Treat the line with "#174=ORIENTED_EDGE('',*,*,#113,.F.);" as the starting point. Write it out and every line after it through the end of the listing below, exactly.
[Opening SUPPLIED ENTRIES section]
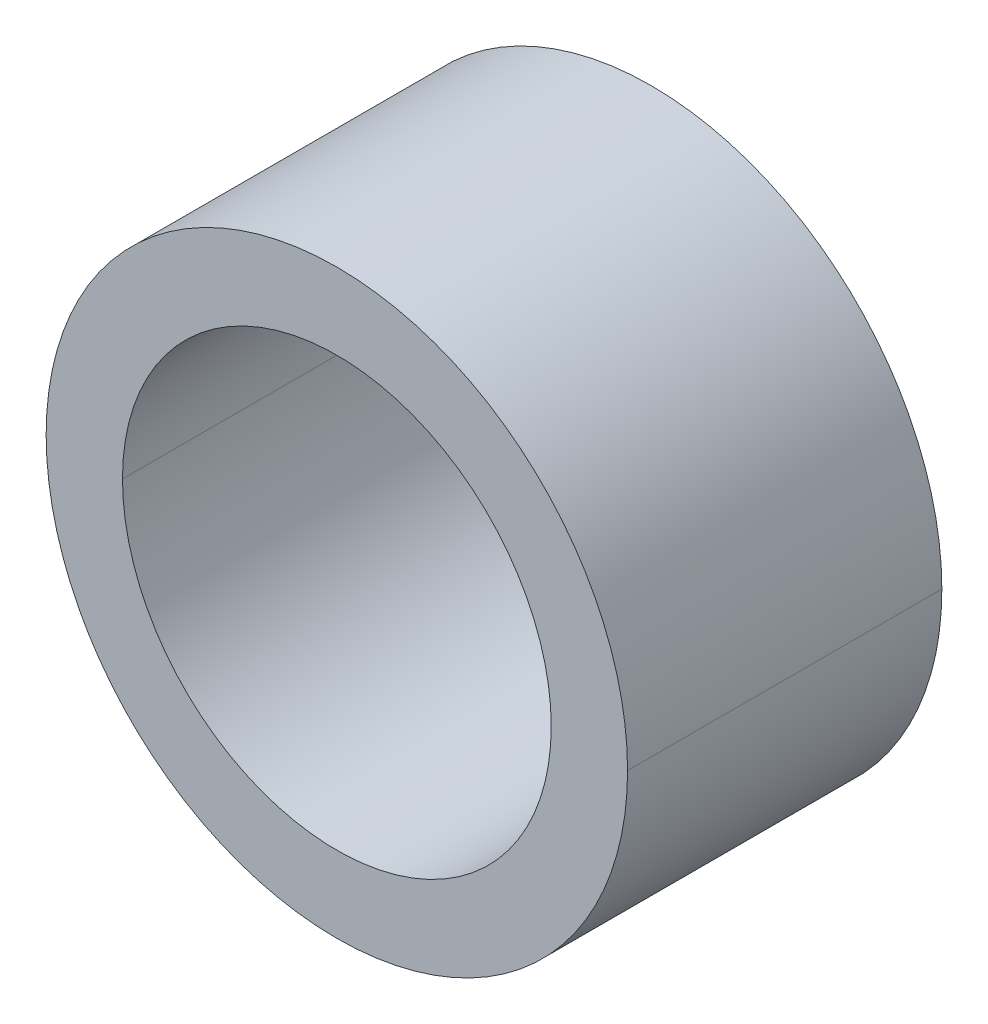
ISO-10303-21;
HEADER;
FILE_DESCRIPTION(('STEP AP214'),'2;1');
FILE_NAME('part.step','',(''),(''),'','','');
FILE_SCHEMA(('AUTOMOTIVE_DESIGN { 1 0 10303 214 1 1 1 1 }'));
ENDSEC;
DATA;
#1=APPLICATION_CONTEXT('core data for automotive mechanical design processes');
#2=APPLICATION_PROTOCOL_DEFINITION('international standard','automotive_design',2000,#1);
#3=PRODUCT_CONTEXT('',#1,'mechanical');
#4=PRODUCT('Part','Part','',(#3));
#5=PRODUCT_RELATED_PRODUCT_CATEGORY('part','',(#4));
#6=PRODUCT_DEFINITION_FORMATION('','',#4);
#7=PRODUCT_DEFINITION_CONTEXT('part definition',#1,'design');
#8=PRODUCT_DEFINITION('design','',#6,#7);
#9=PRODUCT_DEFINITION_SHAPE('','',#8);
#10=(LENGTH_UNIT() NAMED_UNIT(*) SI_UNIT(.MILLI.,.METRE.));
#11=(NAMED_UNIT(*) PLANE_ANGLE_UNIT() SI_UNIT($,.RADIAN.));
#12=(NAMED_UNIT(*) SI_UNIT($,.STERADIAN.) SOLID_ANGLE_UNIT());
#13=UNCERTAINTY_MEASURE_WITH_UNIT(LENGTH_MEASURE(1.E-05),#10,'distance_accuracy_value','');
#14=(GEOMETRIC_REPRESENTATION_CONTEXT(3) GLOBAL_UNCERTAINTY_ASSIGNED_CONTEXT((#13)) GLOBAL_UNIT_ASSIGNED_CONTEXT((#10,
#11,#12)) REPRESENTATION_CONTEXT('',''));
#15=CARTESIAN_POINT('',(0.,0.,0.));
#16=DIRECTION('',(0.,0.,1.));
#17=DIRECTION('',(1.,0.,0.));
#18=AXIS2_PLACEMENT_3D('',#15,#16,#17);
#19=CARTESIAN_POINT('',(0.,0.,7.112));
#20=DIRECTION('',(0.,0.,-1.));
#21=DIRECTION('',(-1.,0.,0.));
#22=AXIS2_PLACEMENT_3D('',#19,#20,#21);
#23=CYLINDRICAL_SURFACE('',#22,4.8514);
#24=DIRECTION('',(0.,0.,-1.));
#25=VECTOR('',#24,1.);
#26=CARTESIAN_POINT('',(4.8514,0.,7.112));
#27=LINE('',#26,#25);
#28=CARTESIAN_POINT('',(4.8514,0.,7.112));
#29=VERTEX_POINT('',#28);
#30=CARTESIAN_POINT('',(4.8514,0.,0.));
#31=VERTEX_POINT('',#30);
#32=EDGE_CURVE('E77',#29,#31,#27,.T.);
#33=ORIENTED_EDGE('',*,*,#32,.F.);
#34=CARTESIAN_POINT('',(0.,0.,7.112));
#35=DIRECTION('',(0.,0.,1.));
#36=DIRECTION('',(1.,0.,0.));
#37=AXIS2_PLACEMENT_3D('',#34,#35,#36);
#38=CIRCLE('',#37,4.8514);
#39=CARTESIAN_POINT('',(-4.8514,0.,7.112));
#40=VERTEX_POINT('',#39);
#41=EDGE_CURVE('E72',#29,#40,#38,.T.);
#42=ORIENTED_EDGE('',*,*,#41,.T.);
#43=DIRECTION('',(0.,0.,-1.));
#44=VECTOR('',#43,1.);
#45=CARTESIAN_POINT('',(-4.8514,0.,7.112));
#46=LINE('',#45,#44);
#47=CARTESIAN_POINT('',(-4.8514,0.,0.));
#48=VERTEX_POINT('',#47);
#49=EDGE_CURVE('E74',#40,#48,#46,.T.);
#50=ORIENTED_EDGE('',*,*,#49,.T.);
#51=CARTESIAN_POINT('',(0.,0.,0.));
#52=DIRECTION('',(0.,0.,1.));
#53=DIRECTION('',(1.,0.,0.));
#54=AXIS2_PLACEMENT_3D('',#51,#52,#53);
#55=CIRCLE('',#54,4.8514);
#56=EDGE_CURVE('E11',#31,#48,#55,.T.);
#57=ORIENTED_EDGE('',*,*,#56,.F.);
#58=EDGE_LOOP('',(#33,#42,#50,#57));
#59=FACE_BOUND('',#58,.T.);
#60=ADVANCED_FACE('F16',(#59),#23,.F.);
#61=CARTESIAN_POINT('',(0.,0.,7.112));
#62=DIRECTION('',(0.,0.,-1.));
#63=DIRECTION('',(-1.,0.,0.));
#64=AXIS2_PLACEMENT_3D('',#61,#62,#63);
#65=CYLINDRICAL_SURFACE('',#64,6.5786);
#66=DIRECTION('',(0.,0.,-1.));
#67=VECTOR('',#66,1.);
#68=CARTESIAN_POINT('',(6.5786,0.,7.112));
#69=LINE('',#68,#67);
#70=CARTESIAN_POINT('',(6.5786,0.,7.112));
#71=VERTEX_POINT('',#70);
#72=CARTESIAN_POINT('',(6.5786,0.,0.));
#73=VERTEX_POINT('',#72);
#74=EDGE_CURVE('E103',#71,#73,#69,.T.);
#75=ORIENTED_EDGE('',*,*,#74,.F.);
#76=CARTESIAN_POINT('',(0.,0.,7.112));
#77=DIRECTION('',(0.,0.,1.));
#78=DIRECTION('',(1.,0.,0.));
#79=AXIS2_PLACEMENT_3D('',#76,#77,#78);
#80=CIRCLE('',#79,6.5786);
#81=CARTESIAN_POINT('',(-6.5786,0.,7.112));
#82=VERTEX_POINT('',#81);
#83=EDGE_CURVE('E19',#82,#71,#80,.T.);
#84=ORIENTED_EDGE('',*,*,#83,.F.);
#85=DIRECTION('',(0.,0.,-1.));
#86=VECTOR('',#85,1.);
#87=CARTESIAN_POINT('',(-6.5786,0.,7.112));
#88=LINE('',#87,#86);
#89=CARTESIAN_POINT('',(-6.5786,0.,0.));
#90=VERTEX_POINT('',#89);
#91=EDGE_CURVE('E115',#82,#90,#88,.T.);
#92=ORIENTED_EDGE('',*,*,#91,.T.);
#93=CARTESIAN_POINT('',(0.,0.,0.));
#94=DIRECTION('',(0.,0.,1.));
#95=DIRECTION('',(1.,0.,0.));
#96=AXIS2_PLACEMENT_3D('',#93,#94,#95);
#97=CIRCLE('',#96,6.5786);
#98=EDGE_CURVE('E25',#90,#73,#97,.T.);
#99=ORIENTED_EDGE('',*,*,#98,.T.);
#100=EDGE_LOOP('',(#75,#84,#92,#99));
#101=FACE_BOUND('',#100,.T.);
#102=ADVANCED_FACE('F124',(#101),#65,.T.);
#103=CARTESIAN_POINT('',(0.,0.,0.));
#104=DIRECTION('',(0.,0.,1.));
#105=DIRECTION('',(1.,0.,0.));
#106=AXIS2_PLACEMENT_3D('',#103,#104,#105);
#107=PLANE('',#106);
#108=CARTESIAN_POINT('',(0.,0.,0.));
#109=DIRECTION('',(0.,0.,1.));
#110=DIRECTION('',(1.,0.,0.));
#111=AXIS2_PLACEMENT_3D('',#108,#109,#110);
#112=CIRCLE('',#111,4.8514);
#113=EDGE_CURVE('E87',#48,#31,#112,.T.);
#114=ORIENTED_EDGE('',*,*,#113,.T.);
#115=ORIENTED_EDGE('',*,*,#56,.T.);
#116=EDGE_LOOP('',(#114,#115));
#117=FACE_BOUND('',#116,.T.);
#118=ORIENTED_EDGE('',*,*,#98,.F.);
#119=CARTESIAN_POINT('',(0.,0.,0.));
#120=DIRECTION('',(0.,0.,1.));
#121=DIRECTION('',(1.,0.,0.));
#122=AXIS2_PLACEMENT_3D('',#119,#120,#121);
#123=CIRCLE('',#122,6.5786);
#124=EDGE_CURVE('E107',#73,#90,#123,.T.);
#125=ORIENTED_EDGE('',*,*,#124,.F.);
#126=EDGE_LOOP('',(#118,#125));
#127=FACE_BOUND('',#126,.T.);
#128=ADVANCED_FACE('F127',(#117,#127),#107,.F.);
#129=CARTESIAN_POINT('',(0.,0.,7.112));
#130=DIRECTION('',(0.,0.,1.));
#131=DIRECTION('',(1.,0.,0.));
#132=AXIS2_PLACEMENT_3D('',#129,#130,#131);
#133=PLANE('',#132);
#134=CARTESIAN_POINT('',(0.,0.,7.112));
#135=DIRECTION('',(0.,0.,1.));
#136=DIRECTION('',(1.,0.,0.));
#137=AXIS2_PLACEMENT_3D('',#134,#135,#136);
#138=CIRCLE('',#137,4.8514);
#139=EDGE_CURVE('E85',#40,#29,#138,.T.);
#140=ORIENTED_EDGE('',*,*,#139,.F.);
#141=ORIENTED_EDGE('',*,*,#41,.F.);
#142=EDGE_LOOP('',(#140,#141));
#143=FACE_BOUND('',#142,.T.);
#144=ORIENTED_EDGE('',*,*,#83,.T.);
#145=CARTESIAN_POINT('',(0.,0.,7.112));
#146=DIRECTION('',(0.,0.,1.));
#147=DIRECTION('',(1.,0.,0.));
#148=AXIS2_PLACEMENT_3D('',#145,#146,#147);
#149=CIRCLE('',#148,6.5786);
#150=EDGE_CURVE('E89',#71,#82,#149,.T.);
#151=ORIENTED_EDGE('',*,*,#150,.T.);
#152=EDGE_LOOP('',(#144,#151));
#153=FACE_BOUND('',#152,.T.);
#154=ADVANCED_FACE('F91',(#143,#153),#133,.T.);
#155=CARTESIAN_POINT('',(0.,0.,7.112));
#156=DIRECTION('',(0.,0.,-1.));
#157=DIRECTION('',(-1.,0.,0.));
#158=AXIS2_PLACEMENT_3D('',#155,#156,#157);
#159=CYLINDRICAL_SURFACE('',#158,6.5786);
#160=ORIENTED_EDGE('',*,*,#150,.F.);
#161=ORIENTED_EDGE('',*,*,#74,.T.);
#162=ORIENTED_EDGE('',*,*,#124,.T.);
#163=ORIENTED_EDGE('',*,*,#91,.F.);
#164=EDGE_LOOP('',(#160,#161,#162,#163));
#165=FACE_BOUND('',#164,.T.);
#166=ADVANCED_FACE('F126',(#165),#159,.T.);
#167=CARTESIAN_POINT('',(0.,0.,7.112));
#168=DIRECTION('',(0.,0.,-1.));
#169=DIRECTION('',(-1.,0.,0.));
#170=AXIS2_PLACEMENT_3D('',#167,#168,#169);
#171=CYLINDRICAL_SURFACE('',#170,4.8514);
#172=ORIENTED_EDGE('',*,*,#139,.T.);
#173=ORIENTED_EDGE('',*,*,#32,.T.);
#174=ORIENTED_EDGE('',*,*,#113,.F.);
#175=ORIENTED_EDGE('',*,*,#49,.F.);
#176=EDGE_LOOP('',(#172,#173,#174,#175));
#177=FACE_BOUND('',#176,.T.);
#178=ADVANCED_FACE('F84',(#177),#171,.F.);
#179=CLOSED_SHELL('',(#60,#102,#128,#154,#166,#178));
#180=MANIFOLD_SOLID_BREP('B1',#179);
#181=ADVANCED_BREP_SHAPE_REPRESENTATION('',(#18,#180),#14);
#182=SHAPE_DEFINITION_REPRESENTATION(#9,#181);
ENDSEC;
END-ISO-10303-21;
[Closing SUPPLIED ENTRIES section]
** OUTPUT BELOW **
#174=ORIENTED_EDGE('',*,*,#113,.F.);
#175=ORIENTED_EDGE('',*,*,#49,.F.);
#176=EDGE_LOOP('',(#172,#173,#174,#175));
#177=FACE_BOUND('',#176,.T.);
#178=ADVANCED_FACE('F84',(#177),#171,.F.);
#179=CLOSED_SHELL('',(#60,#102,#128,#154,#166,#178));
#180=MANIFOLD_SOLID_BREP('B1',#179);
#181=ADVANCED_BREP_SHAPE_REPRESENTATION('',(#18,#180),#14);
#182=SHAPE_DEFINITION_REPRESENTATION(#9,#181);
ENDSEC;
END-ISO-10303-21;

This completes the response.